Among the records below, find each line containing the word "header" and copy it.

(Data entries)
= = = = =

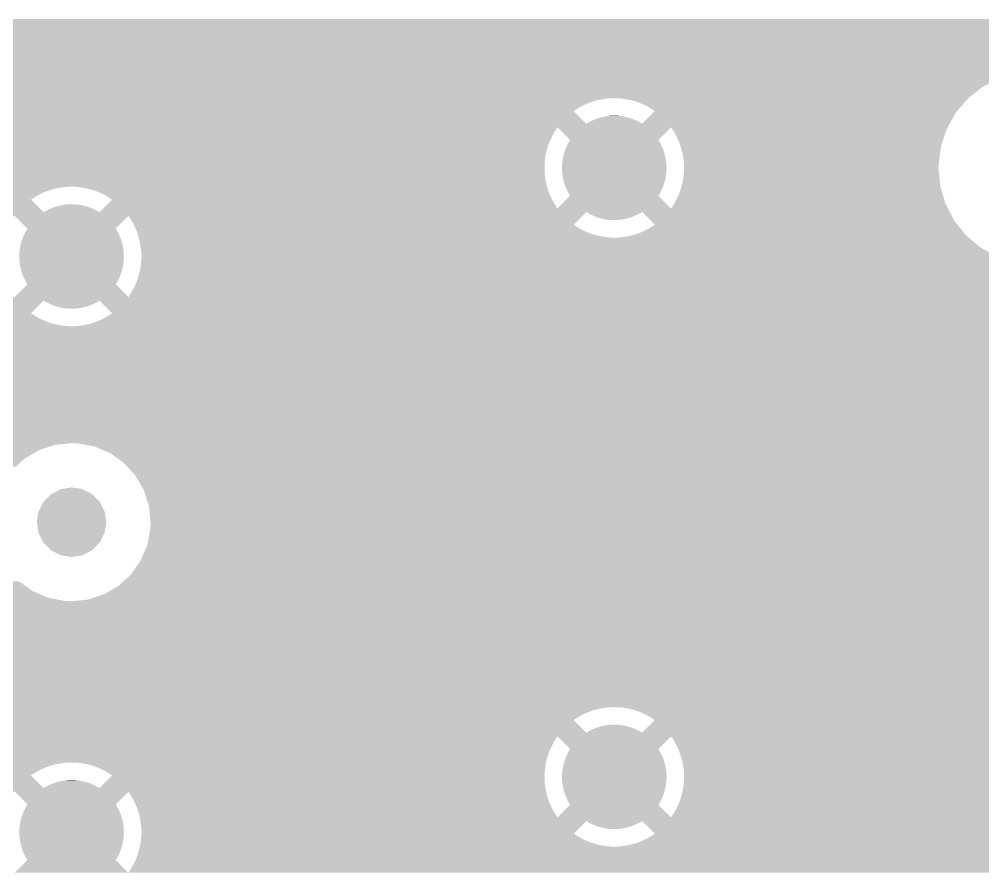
# Model space of a CAD drawing. Extents: x 295 to 953, y 10 to 290.
# Drawn here: x 604.77 to 615.82, y 242.26 to 252.04 of the extents above; entities that cross this region are included whole.
import ezdxf

# ---------------------------------------------------------------- set-up
doc = ezdxf.new("R2010")
doc.units = 0
doc.header["$LTSCALE"] = 5
doc.header["$MEASUREMENT"] = 0
doc.layers.add('FROMC1', color=7, linetype='CONTINUOUS')

msp = doc.modelspace()

# ---------------------------------------------------------------- linework, layer by layer
at = {"layer": 'FROMC1'}
for points in [[(601.064, 252.004), (601.066, 252.008), (634.9, 252.004), (634.911, 252.008)], [(601.066, 252.008), (601.075, 252.023), (634.911, 252.008), (634.979, 252.023)], [(601.075, 252.023), (601.077, 252.028), (634.979, 252.023), (635.007, 252.028)], [(601.077, 252.028), (601.08, 252.035), (635.007, 252.028), (635.048, 252.035)], [(601.08, 252.035), (601.083, 252.043), (635.048, 252.035), (635.117, 252.043)], [(601.083, 252.043), (601.085, 252.047), (635.117, 252.043), (635.187, 252.047)], [(600.795, 251.872), (600.879, 251.906), (634.591, 251.872), (634.651, 251.906)], [(600.879, 251.906), (600.954, 251.937), (634.651, 251.906), (634.714, 251.937)], [(600.954, 251.937), (601.009, 251.96), (634.714, 251.937), (634.767, 251.96)], [(601.009, 251.96), (601.014, 251.965), (634.767, 251.96), (634.778, 251.965)], [(601.014, 251.965), (601.044, 251.988), (634.778, 251.965), (634.844, 251.988)], [(601.044, 251.988), (601.064, 252.004), (634.844, 251.988), (634.9, 252.004)], [(600.186, 251.62), (600.684, 251.826), (634.727, 251.62), (634.521, 251.826)], [(600.684, 251.826), (600.703, 251.834), (634.521, 251.826), (634.532, 251.834)], [(600.703, 251.834), (600.795, 251.872), (634.532, 251.834), (634.591, 251.872)], [(583.018, 251.542), (583.018, 251.61), (639.406, 251.542), (639.406, 251.61)], [(583.018, 251.61), (583.018, 251.61), (634.737, 251.61), (634.736, 251.61)], [(600.137, 251.61), (600.186, 251.62), (634.736, 251.61), (634.727, 251.62)], [(583.018, 251.484), (583.018, 251.542), (634.198, 251.484), (634.237, 251.542)], [(583.018, 251.447), (583.018, 251.484), (634.177, 251.447), (634.198, 251.484)], [(583.018, 251.427), (583.018, 251.447), (616.208, 251.427), (616.419, 251.447)], [(583.018, 251.367), (583.018, 251.427), (616.004, 251.367), (616.208, 251.427)], [(583.018, 251.269), (583.018, 251.367), (615.816, 251.269), (616.004, 251.367)], [(583.018, 251.14), (583.018, 251.269), (615.653, 251.14), (615.816, 251.269)], [(583.018, 251.137), (583.018, 251.14), (611.518, 251.137), (611.575, 251.14)], [(583.018, 251.129), (583.018, 251.137), (611.462, 251.129), (611.518, 251.137)], [(583.018, 251.118), (583.018, 251.129), (611.406, 251.118), (611.462, 251.129)], [(611.632, 251.139), (611.575, 251.14), (615.652, 251.139), (615.653, 251.14)], [(611.649, 251.138), (611.632, 251.139), (615.65, 251.138), (615.652, 251.139)], [(611.689, 251.134), (611.649, 251.138), (615.647, 251.134), (615.65, 251.138)], [(611.745, 251.125), (611.689, 251.134), (615.64, 251.125), (615.647, 251.134)], [(611.801, 251.113), (611.745, 251.125), (615.629, 251.113), (615.64, 251.125)], [(583.018, 251.103), (583.018, 251.118), (611.351, 251.103), (611.406, 251.118)], [(583.018, 251.084), (583.018, 251.103), (611.297, 251.084), (611.351, 251.103)], [(583.018, 251.061), (583.018, 251.084), (611.245, 251.061), (611.297, 251.084)], [(583.018, 251.034), (583.018, 251.061), (611.194, 251.034), (611.245, 251.061)], [(583.018, 251.004), (583.018, 251.034), (611.146, 251.004), (611.194, 251.034)], [(611.855, 251.096), (611.801, 251.113), (615.614, 251.096), (615.629, 251.113)], [(611.908, 251.075), (611.855, 251.096), (615.597, 251.075), (615.614, 251.096)], [(611.96, 251.051), (611.908, 251.075), (615.576, 251.051), (615.597, 251.075)], [(612.01, 251.023), (611.96, 251.051), (615.552, 251.023), (615.576, 251.051)], [(612.057, 250.991), (612.01, 251.023), (615.525, 250.991), (615.552, 251.023)], [(583.018, 250.991), (583.018, 251.004), (611.128, 250.991), (611.146, 251.004)], [(583.018, 250.847), (583.018, 250.991), (611.272, 250.847), (611.128, 250.991)], [(611.361, 250.892), (611.391, 250.905), (611.825, 250.892), (611.793, 250.905)], [(611.391, 250.905), (611.408, 250.91), (611.793, 250.905), (611.779, 250.91)], [(611.408, 250.91), (611.438, 250.919), (611.779, 250.91), (611.745, 250.919)], [(611.438, 250.919), (611.456, 250.923), (611.745, 250.919), (611.731, 250.923)], [(611.456, 250.923), (611.486, 250.93), (611.731, 250.923), (611.696, 250.93)], [(611.486, 250.93), (611.505, 250.933), (611.696, 250.93), (611.683, 250.933)], [(611.505, 250.933), (611.535, 250.937), (611.683, 250.933), (611.646, 250.937)], [(611.535, 250.937), (611.559, 250.938), (611.646, 250.937), (611.634, 250.938)], [(611.559, 250.938), (611.585, 250.939), (611.634, 250.938), (611.585, 250.939)], [(611.913, 250.847), (612.043, 250.977), (615.439, 250.847), (615.512, 250.977)], [(612.043, 250.977), (612.057, 250.991), (615.512, 250.977), (615.525, 250.991)], [(583.018, 250.805), (583.018, 250.847), (615.415, 250.805), (615.439, 250.847)], [(583.018, 250.847), (583.018, 250.847), (611.273, 250.847), (611.272, 250.847)], [(583.018, 250.757), (583.018, 250.805), (610.91, 250.757), (610.941, 250.805)], [(611.086, 250.66), (610.941, 250.805), (612.099, 250.66), (612.244, 250.805)], [(611.273, 250.847), (611.301, 250.864), (611.913, 250.847), (611.883, 250.864)], [(611.301, 250.864), (611.316, 250.871), (611.883, 250.864), (611.87, 250.871)], [(611.316, 250.871), (611.345, 250.886), (611.87, 250.871), (611.839, 250.886)], [(611.345, 250.886), (611.361, 250.892), (611.839, 250.886), (611.825, 250.892)], [(612.252, 250.793), (612.244, 250.805), (615.408, 250.793), (615.415, 250.805)], [(612.266, 250.772), (612.252, 250.793), (615.401, 250.772), (615.408, 250.793)], [(583.018, 250.707), (583.018, 250.757), (610.882, 250.707), (610.91, 250.757)], [(583.018, 250.656), (583.018, 250.707), (610.857, 250.656), (610.882, 250.707)], [(612.295, 250.723), (612.266, 250.772), (615.384, 250.723), (615.401, 250.772)], [(612.321, 250.672), (612.295, 250.723), (615.367, 250.672), (615.384, 250.723)], [(583.018, 250.603), (583.018, 250.656), (610.837, 250.603), (610.857, 250.656)], [(583.018, 250.548), (583.018, 250.603), (610.82, 250.548), (610.837, 250.603)], [(611.026, 250.534), (611.04, 250.573), (612.16, 250.534), (612.145, 250.573)], [(611.04, 250.573), (611.044, 250.58), (612.145, 250.573), (612.142, 250.58)], [(611.044, 250.58), (611.061, 250.617), (612.142, 250.58), (612.124, 250.617)], [(611.061, 250.617), (611.065, 250.624), (612.124, 250.617), (612.12, 250.624)], [(611.065, 250.624), (611.086, 250.66), (612.12, 250.624), (612.099, 250.66)], [(612.342, 250.619), (612.321, 250.672), (615.349, 250.619), (615.367, 250.672)], [(612.351, 250.592), (612.342, 250.619), (615.34, 250.592), (615.349, 250.619)], [(612.36, 250.565), (612.351, 250.592), (615.337, 250.565), (615.34, 250.592)], [(583.018, 250.493), (583.018, 250.548), (610.807, 250.493), (610.82, 250.548)], [(583.018, 250.436), (583.018, 250.493), (610.798, 250.436), (610.807, 250.493)], [(611.002, 250.438), (611.009, 250.479), (612.184, 250.438), (612.175, 250.479)], [(611.009, 250.479), (611.012, 250.487), (612.175, 250.479), (612.174, 250.487)], [(611.012, 250.487), (611.023, 250.526), (612.174, 250.487), (612.162, 250.526)], [(611.023, 250.526), (611.026, 250.534), (612.162, 250.526), (612.16, 250.534)], [(612.374, 250.51), (612.36, 250.565), (615.329, 250.51), (615.337, 250.565)], [(612.385, 250.454), (612.374, 250.51), (615.322, 250.454), (615.329, 250.51)], [(583.018, 250.379), (583.018, 250.436), (610.793, 250.379), (610.798, 250.436)], [(583.018, 250.322), (583.018, 250.379), (610.793, 250.322), (610.793, 250.379)], [(610.993, 250.34), (610.995, 250.381), (612.192, 250.34), (612.19, 250.381)], [(610.995, 250.389), (611, 250.43), (612.19, 250.389), (612.185, 250.43)], [(610.995, 250.381), (610.995, 250.389), (612.19, 250.381), (612.19, 250.389)], [(611, 250.43), (611.002, 250.438), (612.185, 250.43), (612.184, 250.438)], [(612.391, 250.397), (612.385, 250.454), (615.314, 250.397), (615.322, 250.454)], [(612.391, 250.382), (612.391, 250.397), (615.312, 250.382), (615.314, 250.397)], [(612.393, 250.34), (612.391, 250.382), (615.311, 250.34), (615.312, 250.382)], [(583.018, 250.266), (583.018, 250.322), (610.796, 250.266), (610.793, 250.322)], [(583.018, 250.209), (583.018, 250.266), (610.803, 250.209), (610.796, 250.266)], [(610.995, 250.299), (610.993, 250.34), (612.191, 250.299), (612.192, 250.34)], [(610.995, 250.291), (610.995, 250.299), (612.19, 250.291), (612.191, 250.299)], [(611, 250.25), (610.995, 250.291), (612.185, 250.25), (612.19, 250.291)], [(611.001, 250.242), (611, 250.25), (612.184, 250.242), (612.185, 250.25)], [(611.01, 250.201), (611.001, 250.242), (612.176, 250.201), (612.184, 250.242)], [(612.378, 250.187), (612.387, 250.244), (615.326, 250.187), (615.32, 250.244)], [(612.387, 250.244), (612.392, 250.301), (615.32, 250.244), (615.315, 250.301)], [(612.392, 250.301), (612.393, 250.34), (615.315, 250.301), (615.311, 250.34)], [(583.018, 250.153), (583.018, 250.209), (610.815, 250.153), (610.803, 250.209)], [(583.018, 250.124), (583.018, 250.153), (610.823, 250.124), (610.815, 250.153)], [(611.011, 250.193), (611.01, 250.201), (612.174, 250.193), (612.176, 250.201)], [(611.023, 250.154), (611.011, 250.193), (612.162, 250.154), (612.174, 250.193)], [(611.025, 250.146), (611.023, 250.154), (612.159, 250.146), (612.162, 250.154)], [(611.04, 250.107), (611.025, 250.146), (612.145, 250.107), (612.159, 250.146)], [(612.348, 250.077), (612.364, 250.129), (615.347, 250.077), (615.331, 250.129)], [(612.364, 250.129), (612.365, 250.132), (615.331, 250.129), (615.331, 250.132)], [(612.365, 250.132), (612.378, 250.187), (615.331, 250.132), (615.326, 250.187)], [(583.018, 250.121), (583.018, 250.124), (605.295, 250.121), (605.352, 250.124)], [(583.018, 250.113), (583.018, 250.121), (605.239, 250.113), (605.295, 250.121)], [(583.018, 250.102), (583.018, 250.113), (605.183, 250.102), (605.239, 250.113)], [(583.018, 250.087), (583.018, 250.102), (605.128, 250.087), (605.183, 250.102)], [(583.018, 250.068), (583.018, 250.087), (605.074, 250.068), (605.128, 250.087)], [(583.018, 250.045), (583.018, 250.068), (605.022, 250.045), (605.074, 250.068)], [(583.018, 250.018), (583.018, 250.045), (604.971, 250.018), (605.022, 250.045)], [(605.409, 250.123), (605.352, 250.124), (610.823, 250.123), (610.823, 250.124)], [(605.466, 250.118), (605.409, 250.123), (610.824, 250.118), (610.823, 250.123)], [(605.522, 250.109), (605.466, 250.118), (610.827, 250.109), (610.824, 250.118)], [(605.57, 250.098), (605.522, 250.109), (610.83, 250.098), (610.827, 250.109)], [(605.578, 250.097), (605.57, 250.098), (610.83, 250.097), (610.83, 250.098)], [(605.632, 250.08), (605.578, 250.097), (610.836, 250.08), (610.83, 250.097)], [(605.685, 250.059), (605.632, 250.08), (610.844, 250.059), (610.836, 250.08)], [(605.716, 250.045), (605.685, 250.059), (610.849, 250.045), (610.844, 250.059)], [(605.737, 250.035), (605.716, 250.045), (610.853, 250.035), (610.849, 250.045)], [(605.787, 250.007), (605.737, 250.035), (610.866, 250.007), (610.853, 250.035)], [(610.941, 249.875), (611.086, 250.02), (612.244, 249.875), (612.099, 250.02)], [(611.043, 250.1), (611.04, 250.107), (612.142, 250.1), (612.145, 250.107)], [(611.061, 250.063), (611.043, 250.1), (612.124, 250.063), (612.142, 250.1)], [(611.065, 250.056), (611.061, 250.063), (612.12, 250.056), (612.124, 250.063)], [(611.086, 250.02), (611.065, 250.056), (612.099, 250.02), (612.12, 250.056)], [(612.303, 249.973), (612.328, 250.024), (615.378, 249.973), (615.362, 250.024)], [(612.328, 250.024), (612.348, 250.077), (615.362, 250.024), (615.347, 250.077)], [(583.018, 249.988), (583.018, 250.018), (604.923, 249.988), (604.971, 250.018)], [(583.018, 249.975), (583.018, 249.988), (604.905, 249.975), (604.923, 249.988)], [(583.018, 249.831), (583.018, 249.975), (605.049, 249.831), (604.905, 249.975)], [(605.233, 249.907), (605.263, 249.914), (605.508, 249.907), (605.473, 249.914)], [(605.263, 249.914), (605.282, 249.917), (605.473, 249.914), (605.46, 249.917)], [(605.282, 249.917), (605.312, 249.921), (605.46, 249.917), (605.423, 249.921)], [(605.312, 249.921), (605.336, 249.922), (605.423, 249.921), (605.411, 249.922)], [(605.336, 249.922), (605.362, 249.923), (605.411, 249.922), (605.362, 249.923)], [(605.752, 249.893), (605.801, 249.942), (610.929, 249.893), (610.899, 249.942)], [(605.809, 249.992), (605.787, 250.007), (610.872, 249.992), (610.866, 250.007)], [(605.801, 249.942), (605.834, 249.975), (610.899, 249.942), (610.881, 249.975)], [(605.834, 249.975), (605.809, 249.992), (610.881, 249.975), (610.872, 249.992)], [(612.244, 249.875), (612.275, 249.923), (615.418, 249.875), (615.393, 249.923)], [(612.275, 249.923), (612.277, 249.926), (615.393, 249.923), (615.391, 249.926)], [(612.277, 249.926), (612.303, 249.973), (615.391, 249.926), (615.378, 249.973)], [(583.018, 249.789), (583.018, 249.831), (611.228, 249.789), (611.27, 249.831)], [(583.018, 249.831), (583.018, 249.831), (605.05, 249.831), (605.049, 249.831)], [(605.05, 249.831), (605.078, 249.848), (605.69, 249.831), (605.66, 249.848)], [(605.078, 249.848), (605.093, 249.855), (605.66, 249.848), (605.647, 249.855)], [(605.093, 249.855), (605.122, 249.87), (605.647, 249.855), (605.616, 249.87)], [(605.122, 249.87), (605.138, 249.876), (605.616, 249.87), (605.602, 249.876)], [(605.138, 249.876), (605.168, 249.889), (605.602, 249.876), (605.57, 249.889)], [(605.168, 249.889), (605.185, 249.894), (605.57, 249.889), (605.556, 249.894)], [(605.185, 249.894), (605.215, 249.903), (605.556, 249.894), (605.522, 249.903)], [(605.215, 249.903), (605.233, 249.907), (605.522, 249.903), (605.508, 249.907)], [(605.69, 249.831), (605.692, 249.833), (611.27, 249.831), (611.272, 249.833)], [(605.692, 249.833), (605.734, 249.875), (615.44, 249.833), (615.418, 249.875)], [(605.692, 249.833), (605.692, 249.833), (611.272, 249.833), (611.273, 249.833)], [(605.734, 249.875), (605.752, 249.893), (610.941, 249.875), (610.929, 249.893)], [(611.302, 249.816), (611.273, 249.833), (611.884, 249.816), (611.913, 249.833)], [(611.315, 249.809), (611.302, 249.816), (611.869, 249.809), (611.884, 249.816)], [(611.346, 249.794), (611.315, 249.809), (611.84, 249.794), (611.869, 249.809)], [(612.008, 249.738), (611.913, 249.833), (615.489, 249.738), (615.44, 249.833)], [(604.863, 249.644), (604.718, 249.789), (605.876, 249.644), (606.021, 249.789)], [(606.043, 249.756), (606.021, 249.789), (611.195, 249.756), (611.228, 249.789)], [(606.072, 249.707), (606.043, 249.756), (611.146, 249.707), (611.195, 249.756)], [(606.081, 249.689), (606.072, 249.707), (611.128, 249.689), (611.146, 249.707)], [(606.097, 249.657), (606.081, 249.689), (611.176, 249.657), (611.128, 249.689)], [(611.36, 249.788), (611.346, 249.794), (611.824, 249.788), (611.84, 249.794)], [(611.392, 249.775), (611.36, 249.788), (611.794, 249.775), (611.824, 249.788)], [(611.406, 249.77), (611.392, 249.775), (611.777, 249.77), (611.794, 249.775)], [(611.44, 249.761), (611.406, 249.77), (611.747, 249.761), (611.777, 249.77)], [(611.454, 249.757), (611.44, 249.761), (611.729, 249.757), (611.747, 249.761)], [(611.489, 249.75), (611.454, 249.757), (611.699, 249.75), (611.729, 249.757)], [(611.502, 249.747), (611.489, 249.75), (611.68, 249.747), (611.699, 249.75)], [(611.539, 249.743), (611.502, 249.747), (611.65, 249.743), (611.68, 249.747)], [(611.551, 249.742), (611.539, 249.743), (611.626, 249.742), (611.65, 249.743)], [(611.6, 249.741), (611.551, 249.742), (611.6, 249.741), (611.626, 249.742)], [(612.057, 249.689), (612.008, 249.738), (615.528, 249.689), (615.489, 249.738)], [(612.039, 249.676), (612.057, 249.689), (615.538, 249.676), (615.528, 249.689)], [(604.821, 249.564), (604.838, 249.601), (605.919, 249.564), (605.901, 249.601)], [(604.838, 249.601), (604.842, 249.608), (605.901, 249.601), (605.897, 249.608)], [(604.842, 249.608), (604.863, 249.644), (605.897, 249.608), (605.876, 249.644)], [(606.098, 249.656), (606.097, 249.657), (611.178, 249.656), (611.176, 249.657)], [(606.109, 249.629), (606.098, 249.656), (611.225, 249.629), (611.178, 249.656)], [(606.119, 249.605), (606.109, 249.629), (611.277, 249.605), (611.225, 249.629)], [(606.119, 249.603), (606.119, 249.605), (611.281, 249.603), (611.277, 249.605)], [(606.126, 249.584), (606.119, 249.603), (611.33, 249.584), (611.281, 249.603)], [(606.131, 249.567), (606.126, 249.584), (611.384, 249.567), (611.33, 249.584)], [(611.815, 249.572), (611.834, 249.577), (615.621, 249.572), (615.617, 249.577)], [(611.834, 249.577), (611.888, 249.596), (615.617, 249.577), (615.601, 249.596)], [(611.888, 249.596), (611.94, 249.619), (615.601, 249.596), (615.583, 249.619)], [(611.94, 249.619), (611.991, 249.646), (615.583, 249.619), (615.562, 249.646)], [(611.991, 249.646), (612.039, 249.676), (615.562, 249.646), (615.538, 249.676)], [(604.786, 249.463), (604.789, 249.471), (605.952, 249.463), (605.951, 249.471)], [(604.789, 249.471), (604.8, 249.51), (605.951, 249.471), (605.939, 249.51)], [(604.8, 249.51), (604.803, 249.518), (605.939, 249.51), (605.937, 249.518)], [(604.803, 249.518), (604.817, 249.557), (605.937, 249.518), (605.922, 249.557)], [(604.817, 249.557), (604.821, 249.564), (605.922, 249.557), (605.919, 249.564)], [(606.136, 249.555), (606.131, 249.567), (611.44, 249.555), (611.384, 249.567)], [(606.137, 249.549), (606.136, 249.555), (611.475, 249.549), (611.44, 249.555)], [(606.138, 249.546), (606.137, 249.549), (611.496, 249.546), (611.475, 249.549)], [(606.139, 249.541), (606.138, 249.546), (611.553, 249.541), (611.496, 249.546)], [(606.14, 249.54), (606.139, 249.541), (611.61, 249.54), (611.553, 249.541)], [(606.151, 249.494), (606.14, 249.54), (615.712, 249.494), (615.658, 249.54)], [(606.162, 249.438), (606.151, 249.494), (615.777, 249.438), (615.712, 249.494)], [(611.61, 249.54), (611.667, 249.543), (615.658, 249.54), (615.654, 249.543)], [(611.667, 249.543), (611.724, 249.551), (615.654, 249.543), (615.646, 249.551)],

= = = = =

* Expected answer *
doc.header["$LTSCALE"] = 5
doc.header["$MEASUREMENT"] = 0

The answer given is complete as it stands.